• _Work to complete_:
Go through the material line by line and copy each one with the word "Subsystem".

• _Record set_:
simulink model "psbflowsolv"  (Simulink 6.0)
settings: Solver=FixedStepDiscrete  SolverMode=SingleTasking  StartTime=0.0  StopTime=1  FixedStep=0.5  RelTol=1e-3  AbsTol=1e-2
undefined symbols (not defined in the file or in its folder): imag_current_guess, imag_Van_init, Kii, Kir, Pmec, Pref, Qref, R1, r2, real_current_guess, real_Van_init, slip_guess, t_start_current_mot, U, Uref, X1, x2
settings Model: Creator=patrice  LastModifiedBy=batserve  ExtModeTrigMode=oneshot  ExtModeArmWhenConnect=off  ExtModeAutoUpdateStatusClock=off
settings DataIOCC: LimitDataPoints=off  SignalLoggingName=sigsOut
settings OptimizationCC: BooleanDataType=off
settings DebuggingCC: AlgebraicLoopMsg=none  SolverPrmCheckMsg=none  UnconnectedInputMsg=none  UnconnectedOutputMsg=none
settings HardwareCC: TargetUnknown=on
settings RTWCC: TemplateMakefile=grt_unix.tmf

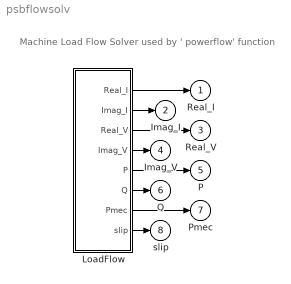
== system psbflowsolv ==
  note: Machine Load Flow Solver
      |  used by ' powerflow' function
  LoadFlow : Subsystem
  Real_I : Outport  InitialOutput=0
  Imag_I : Outport  Port=2  InitialOutput=0
  Real_V : Outport  Port=3  InitialOutput=0
  Imag_V : Outport  Port=4  InitialOutput=0
  P : Outport  Port=5  InitialOutput=0
  Q : Outport  Port=6  InitialOutput=0
  Pmec : Outport  Port=7  InitialOutput=0
  slip : Outport  Port=8  InitialOutput=0
  wires:
  LoadFlow/1(Real_I) -> Real_I/1
  LoadFlow/3(Real_V) -> Real_V/1
  LoadFlow/5(P) -> P/1
  LoadFlow/6(Q) -> Q/1
  LoadFlow/7(Pmec) -> Pmec/1
  LoadFlow/8(slip) -> slip/1
  LoadFlow/4(Imag_V) -> Imag_V/1
  LoadFlow/2(Imag_I) -> Imag_I/1

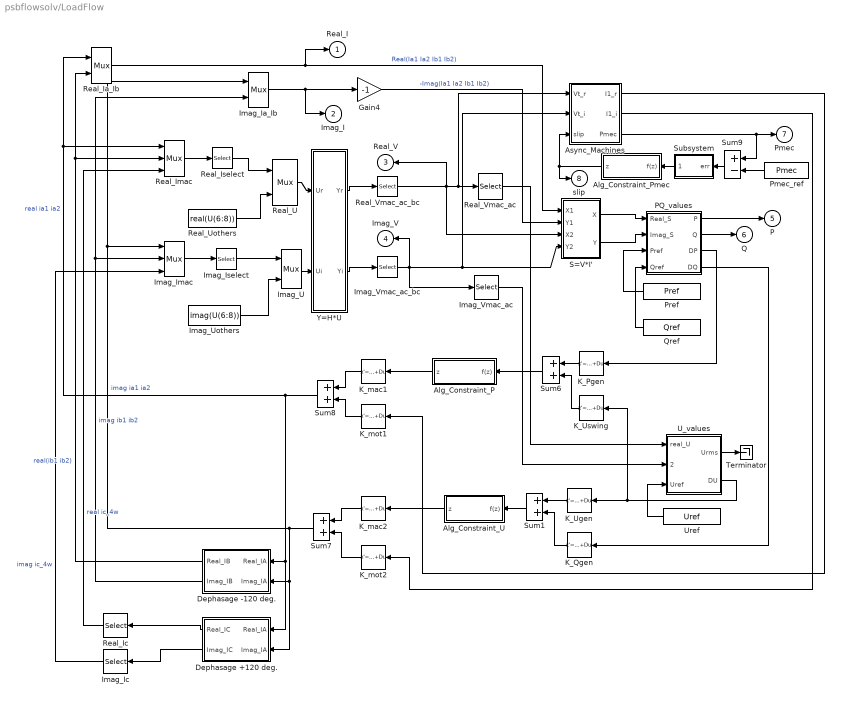
== system psbflowsolv/LoadFlow ==
  Alg_Constraint_P : Subsystem  Orientation=left  mask(Algebraic Constraint){z0=real_current_guess}
      mask prompts: z0 "Initial guess:"
      mask help: Constrains input signal f(z) to zero and outputs an algebraic state z. This block outputs the value necessary to produce a zero at the input. The output must affect the input through some feedback path. Provide an initial guess of the output to improve algebraic loop solver efficiency.
      mask Help:
      | This block outputs the value necessary to produce a zero at the input. The output must affect the input through some feedback path. This allows you to specify algebraic equations for index 1 differential/algebraic systems (DAE's).
      | 
      | By default, the initial guess is zero.  You can improve the efficiency of the algebraic loop solver by providing an initial guess that is close to the solution value.
      mask Display: disp('Solve\nf(z) = 0')
  Alg_Constraint_Pmec : Subsystem  Orientation=left  mask(Algebraic Constraint){z0=slip_guess}
      mask prompts: z0 "Initial guess:"
      mask help: Constrains input signal f(z) to zero and outputs an algebraic state z. This block outputs the value necessary to produce a zero at the input. The output must affect the input through some feedback path. Provide an initial guess of the output to improve algebraic loop solver efficiency.
      mask Help:
      | This block outputs the value necessary to produce a zero at the input. The output must affect the input through some feedback path. This allows you to specify algebraic equations for index 1 differential/algebraic systems (DAE's).
      | 
      | By default, the initial guess is zero.  You can improve the efficiency of the algebraic loop solver by providing an initial guess that is close to the solution value.
      mask Display: disp('Solve\nf(z) = 0')
  Alg_Constraint_U : Subsystem  Orientation=left  mask(Algebraic Constraint){z0=imag_current_guess}
      mask prompts: z0 "Initial guess:"
      mask help: Constrains input signal f(z) to zero and outputs an algebraic state z. This block outputs the value necessary to produce a zero at the input. The output must affect the input through some feedback path. Provide an initial guess of the output to improve algebraic loop solver efficiency.
      mask Help:
      | This block outputs the value necessary to produce a zero at the input. The output must affect the input through some feedback path. This allows you to specify algebraic equations for index 1 differential/algebraic systems (DAE's).
      | 
      | By default, the initial guess is zero.  You can improve the efficiency of the algebraic loop solver by providing an initial guess that is close to the solution value.
      mask Display: disp('Solve\nf(z) = 0')
  Async_Machines : Subsystem
  Dephasage +120 deg. : Subsystem  Orientation=left
  Dephasage -120 deg. : Subsystem  Orientation=left
  Gain4 : Gain  Gain=-1  SaturateOnIntegerOverflow=on
  Imag_Ia_Ib : Mux  Inputs=[2 2]
  Imag_Ic : Selector  Orientation=left  Elements=[1]  InputPortWidth=2
  Imag_Imac : Mux  Inputs=[2 2 1]
  Imag_Iselect : Selector  Elements=[1:5]  InputPortWidth=5
  Imag_U : Mux  Inputs=[5 3]
  Imag_Uothers : Constant  Value=imag(U(6:8))
  Imag_Vmac_ac : Selector  Elements=1:2  InputPortWidth=4
  Imag_Vmac_ac_bc : Selector  Elements=1:4  InputPortWidth=9
  K_Pgen : StateSpace  Orientation=left  A=[]  B=[]  C=[]  D=K  mask(Matrix Gain){@1=[0 0;0 1]}
      mask prompts: @1 "Gain matrix:"
      mask help: Matrix Gain.
      mask init:
      | K=@1;
      mask Help: Multiplies input vector by entered matrix to produce output vector (y=Au).
      mask Display: disp('K')
  K_Qgen : StateSpace  Orientation=left  A=[]  B=[]  C=[]  D=K  mask(Matrix Gain){@1=[0 0;0 1]}
      mask prompts: @1 "Gain matrix:"
      mask help: Matrix Gain.
      mask init:
      | K=@1;
      mask Help: Multiplies input vector by entered matrix to produce output vector (y=Au).
      mask Display: disp('K')
  K_Ugen : StateSpace  Orientation=left  A=[]  B=[]  C=[]  D=K  mask(Matrix Gain){@1=[0 0;0 0]}
      mask prompts: @1 "Gain matrix:"
      mask help: Matrix Gain.
      mask init:
      | K=@1;
      mask Help: Multiplies input vector by entered matrix to produce output vector (y=Au).
      mask Display: disp('K')
  K_Uswing : StateSpace  Orientation=left  A=[]  B=[]  C=[]  D=K  mask(Matrix Gain){@1=[1 0;0 0]}
      mask prompts: @1 "Gain matrix:"
      mask help: Matrix Gain.
      mask init:
      | K=@1;
      mask Help: Multiplies input vector by entered matrix to produce output vector (y=Au).
      mask Display: disp('K')
  K_mac1 : StateSpace  Orientation=left  A=[]  B=[]  C=[]  D=K  mask(Matrix Gain){@1=[1 0;0 1]}
      mask prompts: @1 "Gain matrix:"
      mask help: Matrix Gain.
      mask init:
      | K=@1;
      mask Help: Multiplies input vector by entered matrix to produce output vector (y=Au).
      mask Display: disp('K')
  K_mac2 : StateSpace  Orientation=left  A=[]  B=[]  C=[]  D=K  mask(Matrix Gain){@1=[1 0;0 1]}
      mask prompts: @1 "Gain matrix:"
      mask help: Matrix Gain.
      mask init:
      | K=@1;
      mask Help: Multiplies input vector by entered matrix to produce output vector (y=Au).
      mask Display: disp('K')
  K_mot1 : StateSpace  Orientation=left  A=[]  B=[]  C=[]  D=K  mask(Matrix Gain){@1=[0 0;0 0]}
      mask prompts: @1 "Gain matrix:"
      mask help: Matrix Gain.
      mask init:
      | K=@1;
      mask Help: Multiplies input vector by entered matrix to produce output vector (y=Au).
      mask Display: disp('K')
  K_mot2 : StateSpace  Orientation=left  A=[]  B=[]  C=[]  D=K  mask(Matrix Gain){@1=[0 0;0 0]}
      mask prompts: @1 "Gain matrix:"
      mask help: Matrix Gain.
      mask init:
      | K=@1;
      mask Help: Multiplies input vector by entered matrix to produce output vector (y=Au).
      mask Display: disp('K')
  PQ_values : Subsystem
  Pmec_ref : Constant  Orientation=left  Value=Pmec
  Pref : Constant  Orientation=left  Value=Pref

• _The answer_:
  LoadFlow : Subsystem
  Alg_Constraint_P : Subsystem  Orientation=left  mask(Algebraic Constraint){z0=real_current_guess}
  Alg_Constraint_Pmec : Subsystem  Orientation=left  mask(Algebraic Constraint){z0=slip_guess}
  Alg_Constraint_U : Subsystem  Orientation=left  mask(Algebraic Constraint){z0=imag_current_guess}
  Async_Machines : Subsystem
  Dephasage +120 deg. : Subsystem  Orientation=left
  Dephasage -120 deg. : Subsystem  Orientation=left
  PQ_values : Subsystem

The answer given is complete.